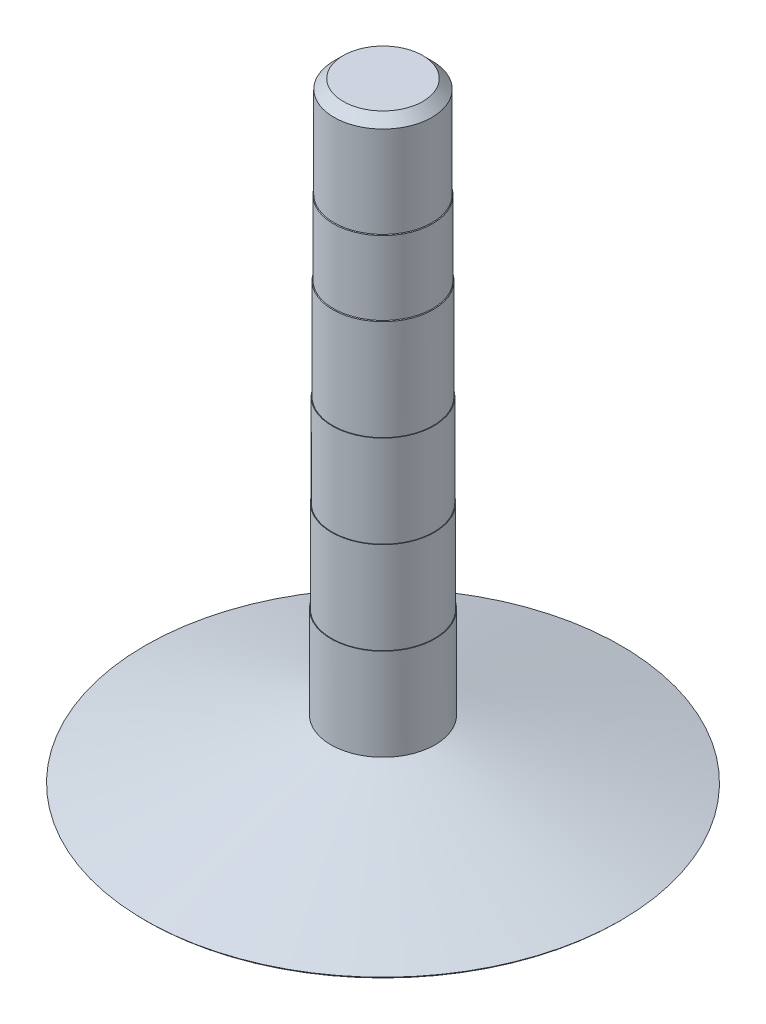
ISO-10303-21;
HEADER;
FILE_DESCRIPTION(('STEP AP214'),'2;1');
FILE_NAME('part.step','',(''),(''),'','','');
FILE_SCHEMA(('AUTOMOTIVE_DESIGN { 1 0 10303 214 1 1 1 1 }'));
ENDSEC;
DATA;
#1=APPLICATION_CONTEXT('core data for automotive mechanical design processes');
#2=APPLICATION_PROTOCOL_DEFINITION('international standard','automotive_design',2000,#1);
#3=PRODUCT_CONTEXT('',#1,'mechanical');
#4=PRODUCT('Part','Part','',(#3));
#5=PRODUCT_RELATED_PRODUCT_CATEGORY('part','',(#4));
#6=PRODUCT_DEFINITION_FORMATION('','',#4);
#7=PRODUCT_DEFINITION_CONTEXT('part definition',#1,'design');
#8=PRODUCT_DEFINITION('design','',#6,#7);
#9=PRODUCT_DEFINITION_SHAPE('','',#8);
#10=(LENGTH_UNIT() NAMED_UNIT(*) SI_UNIT(.MILLI.,.METRE.));
#11=(NAMED_UNIT(*) PLANE_ANGLE_UNIT() SI_UNIT($,.RADIAN.));
#12=(NAMED_UNIT(*) SI_UNIT($,.STERADIAN.) SOLID_ANGLE_UNIT());
#13=UNCERTAINTY_MEASURE_WITH_UNIT(LENGTH_MEASURE(1.E-05),#10,'distance_accuracy_value','');
#14=(GEOMETRIC_REPRESENTATION_CONTEXT(3) GLOBAL_UNCERTAINTY_ASSIGNED_CONTEXT((#13)) GLOBAL_UNIT_ASSIGNED_CONTEXT((#10,
#11,#12)) REPRESENTATION_CONTEXT('',''));
#15=CARTESIAN_POINT('',(0.,0.,0.));
#16=DIRECTION('',(0.,0.,1.));
#17=DIRECTION('',(1.,0.,0.));
#18=AXIS2_PLACEMENT_3D('',#15,#16,#17);
#19=CARTESIAN_POINT('',(0.,-12.5,0.));
#20=DIRECTION('',(0.,1.,0.));
#21=DIRECTION('',(-1.,0.,0.));
#22=AXIS2_PLACEMENT_3D('',#19,#20,#21);
#23=PLANE('',#22);
#24=CARTESIAN_POINT('',(0.,-12.5,0.));
#25=DIRECTION('',(0.,1.,0.));
#26=DIRECTION('',(-1.,0.,0.));
#27=AXIS2_PLACEMENT_3D('',#24,#25,#26);
#28=CIRCLE('',#27,4.25);
#29=CARTESIAN_POINT('',(-4.24999999999999,-12.5,0.));
#30=VERTEX_POINT('',#29);
#31=EDGE_CURVE('E66',#30,#30,#28,.T.);
#32=ORIENTED_EDGE('',*,*,#31,.T.);
#33=EDGE_LOOP('',(#32));
#34=FACE_BOUND('',#33,.T.);
#35=CARTESIAN_POINT('',(0.,-12.5,0.));
#36=DIRECTION('',(0.,1.,0.));
#37=DIRECTION('',(-1.,0.,0.));
#38=AXIS2_PLACEMENT_3D('',#35,#36,#37);
#39=CIRCLE('',#38,4.2);
#40=CARTESIAN_POINT('',(-4.2,-12.5,0.));
#41=VERTEX_POINT('',#40);
#42=EDGE_CURVE('E84',#41,#41,#39,.T.);
#43=ORIENTED_EDGE('',*,*,#42,.F.);
#44=EDGE_LOOP('',(#43));
#45=FACE_BOUND('',#44,.T.);
#46=ADVANCED_FACE('F33',(#34,#45),#23,.T.);
#47=CARTESIAN_POINT('',(0.,37.2711916256361,0.));
#48=DIRECTION('',(0.,1.,0.));
#49=DIRECTION('',(-1.,0.,0.));
#50=AXIS2_PLACEMENT_3D('',#47,#48,#49);
#51=CYLINDRICAL_SURFACE('',#50,4.25);
#52=CARTESIAN_POINT('',(0.,-20.,0.));
#53=DIRECTION('',(0.,1.,0.));
#54=DIRECTION('',(-1.,0.,0.));
#55=AXIS2_PLACEMENT_3D('',#52,#53,#54);
#56=CIRCLE('',#55,4.24999999999999);
#57=CARTESIAN_POINT('',(4.25,-20.,0.));
#58=VERTEX_POINT('',#57);
#59=EDGE_CURVE('E69',#58,#58,#56,.T.);
#60=ORIENTED_EDGE('',*,*,#59,.T.);
#61=EDGE_LOOP('',(#60));
#62=FACE_BOUND('',#61,.T.);
#63=ORIENTED_EDGE('',*,*,#31,.F.);
#64=EDGE_LOOP('',(#63));
#65=FACE_BOUND('',#64,.T.);
#66=ADVANCED_FACE('F92',(#62,#65),#51,.T.);
#67=CARTESIAN_POINT('',(0.,-20.,0.));
#68=DIRECTION('',(0.,-1.,0.));
#69=DIRECTION('',(1.,0.,0.));
#70=AXIS2_PLACEMENT_3D('',#67,#68,#69);
#71=CONICAL_SURFACE('',#70,4.24999999999999,1.26339885367207);
#72=CARTESIAN_POINT('',(0.,-24.8192771084337,0.));
#73=DIRECTION('',(0.,-1.,0.));
#74=DIRECTION('',(1.,0.,0.));
#75=AXIS2_PLACEMENT_3D('',#72,#73,#74);
#76=CIRCLE('',#75,19.4307228915662);
#77=CARTESIAN_POINT('',(19.4307228915662,-24.8192771084337,0.));
#78=VERTEX_POINT('',#77);
#79=EDGE_CURVE('E57',#78,#78,#76,.F.);
#80=CARTESIAN_POINT('',(19.4307228915662,-24.8192771084337,0.));
#81=CARTESIAN_POINT('',(19.2725903614458,-24.7690763052209,0.));
#82=CARTESIAN_POINT('',(19.1144578313253,-24.718875502008,0.));
#83=CARTESIAN_POINT('',(18.7981927710843,-24.6184738955823,0.));
#84=CARTESIAN_POINT('',(18.6400602409638,-24.5682730923695,0.));
#85=CARTESIAN_POINT('',(18.3237951807229,-24.4678714859438,0.));
#86=CARTESIAN_POINT('',(18.1656626506024,-24.4176706827309,0.));
#87=CARTESIAN_POINT('',(17.8493975903614,-24.3172690763052,0.));
#88=CARTESIAN_POINT('',(17.6912650602409,-24.2670682730924,0.));
#89=CARTESIAN_POINT('',(17.375,-24.1666666666667,0.));
#90=CARTESIAN_POINT('',(17.2168674698795,-24.1164658634538,0.));
#91=CARTESIAN_POINT('',(16.9006024096385,-24.0160642570281,0.));
#92=CARTESIAN_POINT('',(16.7424698795181,-23.9658634538153,0.));
#93=CARTESIAN_POINT('',(16.4262048192771,-23.8654618473896,0.));
#94=CARTESIAN_POINT('',(16.2680722891566,-23.8152610441767,0.));
#95=CARTESIAN_POINT('',(15.9518072289156,-23.714859437751,0.));
#96=CARTESIAN_POINT('',(15.7936746987952,-23.6646586345382,0.));
#97=CARTESIAN_POINT('',(15.4774096385542,-23.5642570281125,0.));
#98=CARTESIAN_POINT('',(15.3192771084337,-23.5140562248996,0.));
#99=CARTESIAN_POINT('',(15.0030120481928,-23.4136546184739,0.));
#100=CARTESIAN_POINT('',(14.8448795180723,-23.363453815261,0.));
#101=CARTESIAN_POINT('',(14.5286144578313,-23.2630522088353,0.));
#102=CARTESIAN_POINT('',(14.3704819277108,-23.2128514056225,0.));
#103=CARTESIAN_POINT('',(14.0542168674699,-23.1124497991968,0.));
#104=CARTESIAN_POINT('',(13.8960843373494,-23.0622489959839,0.));
#105=CARTESIAN_POINT('',(13.5798192771084,-22.9618473895582,0.));
#106=CARTESIAN_POINT('',(13.4216867469879,-22.9116465863454,0.));
#107=CARTESIAN_POINT('',(13.105421686747,-22.8112449799197,0.));
#108=CARTESIAN_POINT('',(12.9472891566265,-22.7610441767068,0.));
#109=CARTESIAN_POINT('',(12.6310240963855,-22.6606425702811,0.));
#110=CARTESIAN_POINT('',(12.472891566265,-22.6104417670683,0.));
#111=CARTESIAN_POINT('',(12.1566265060241,-22.5100401606426,0.));
#112=CARTESIAN_POINT('',(11.9984939759036,-22.4598393574297,0.));
#113=CARTESIAN_POINT('',(11.6822289156626,-22.359437751004,0.));
#114=CARTESIAN_POINT('',(11.5240963855422,-22.3092369477912,0.));
#115=CARTESIAN_POINT('',(11.2078313253012,-22.2088353413655,0.));
#116=CARTESIAN_POINT('',(11.0496987951807,-22.1586345381526,0.));
#117=CARTESIAN_POINT('',(10.7334337349397,-22.0582329317269,0.));
#118=CARTESIAN_POINT('',(10.5753012048193,-22.0080321285141,0.));
#119=CARTESIAN_POINT('',(10.2590361445783,-21.9076305220884,0.));
#120=CARTESIAN_POINT('',(10.1009036144578,-21.8574297188755,0.));
#121=CARTESIAN_POINT('',(9.78463855421686,-21.7570281124498,0.));
#122=CARTESIAN_POINT('',(9.62650602409638,-21.7068273092369,0.));
#123=CARTESIAN_POINT('',(9.31024096385541,-21.6064257028112,0.));
#124=CARTESIAN_POINT('',(9.15210843373493,-21.5562248995984,0.));
#125=CARTESIAN_POINT('',(8.83584337349397,-21.4558232931727,0.));
#126=CARTESIAN_POINT('',(8.67771084337349,-21.4056224899598,0.));
#127=CARTESIAN_POINT('',(8.36144578313252,-21.3052208835341,0.));
#128=CARTESIAN_POINT('',(8.20331325301204,-21.2550200803213,0.));
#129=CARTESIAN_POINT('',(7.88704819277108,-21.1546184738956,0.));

_ _ _ _

WHAT YOU SHOULD DO:
Produce only the lines from the line containing "#5=PRODUCT_RELATED_PRODUCT_CATEGORY('part','',(#4));" through the line containing "#10=(LENGTH_UNIT() NAMED_UNIT(*) SI_UNIT(.MILLI.,.METRE.));", inclusive of both, exactly as they stand in the entries above.

TASK SOLUTION:
#5=PRODUCT_RELATED_PRODUCT_CATEGORY('part','',(#4));
#6=PRODUCT_DEFINITION_FORMATION('','',#4);
#7=PRODUCT_DEFINITION_CONTEXT('part definition',#1,'design');
#8=PRODUCT_DEFINITION('design','',#6,#7);
#9=PRODUCT_DEFINITION_SHAPE('','',#8);
#10=(LENGTH_UNIT() NAMED_UNIT(*) SI_UNIT(.MILLI.,.METRE.));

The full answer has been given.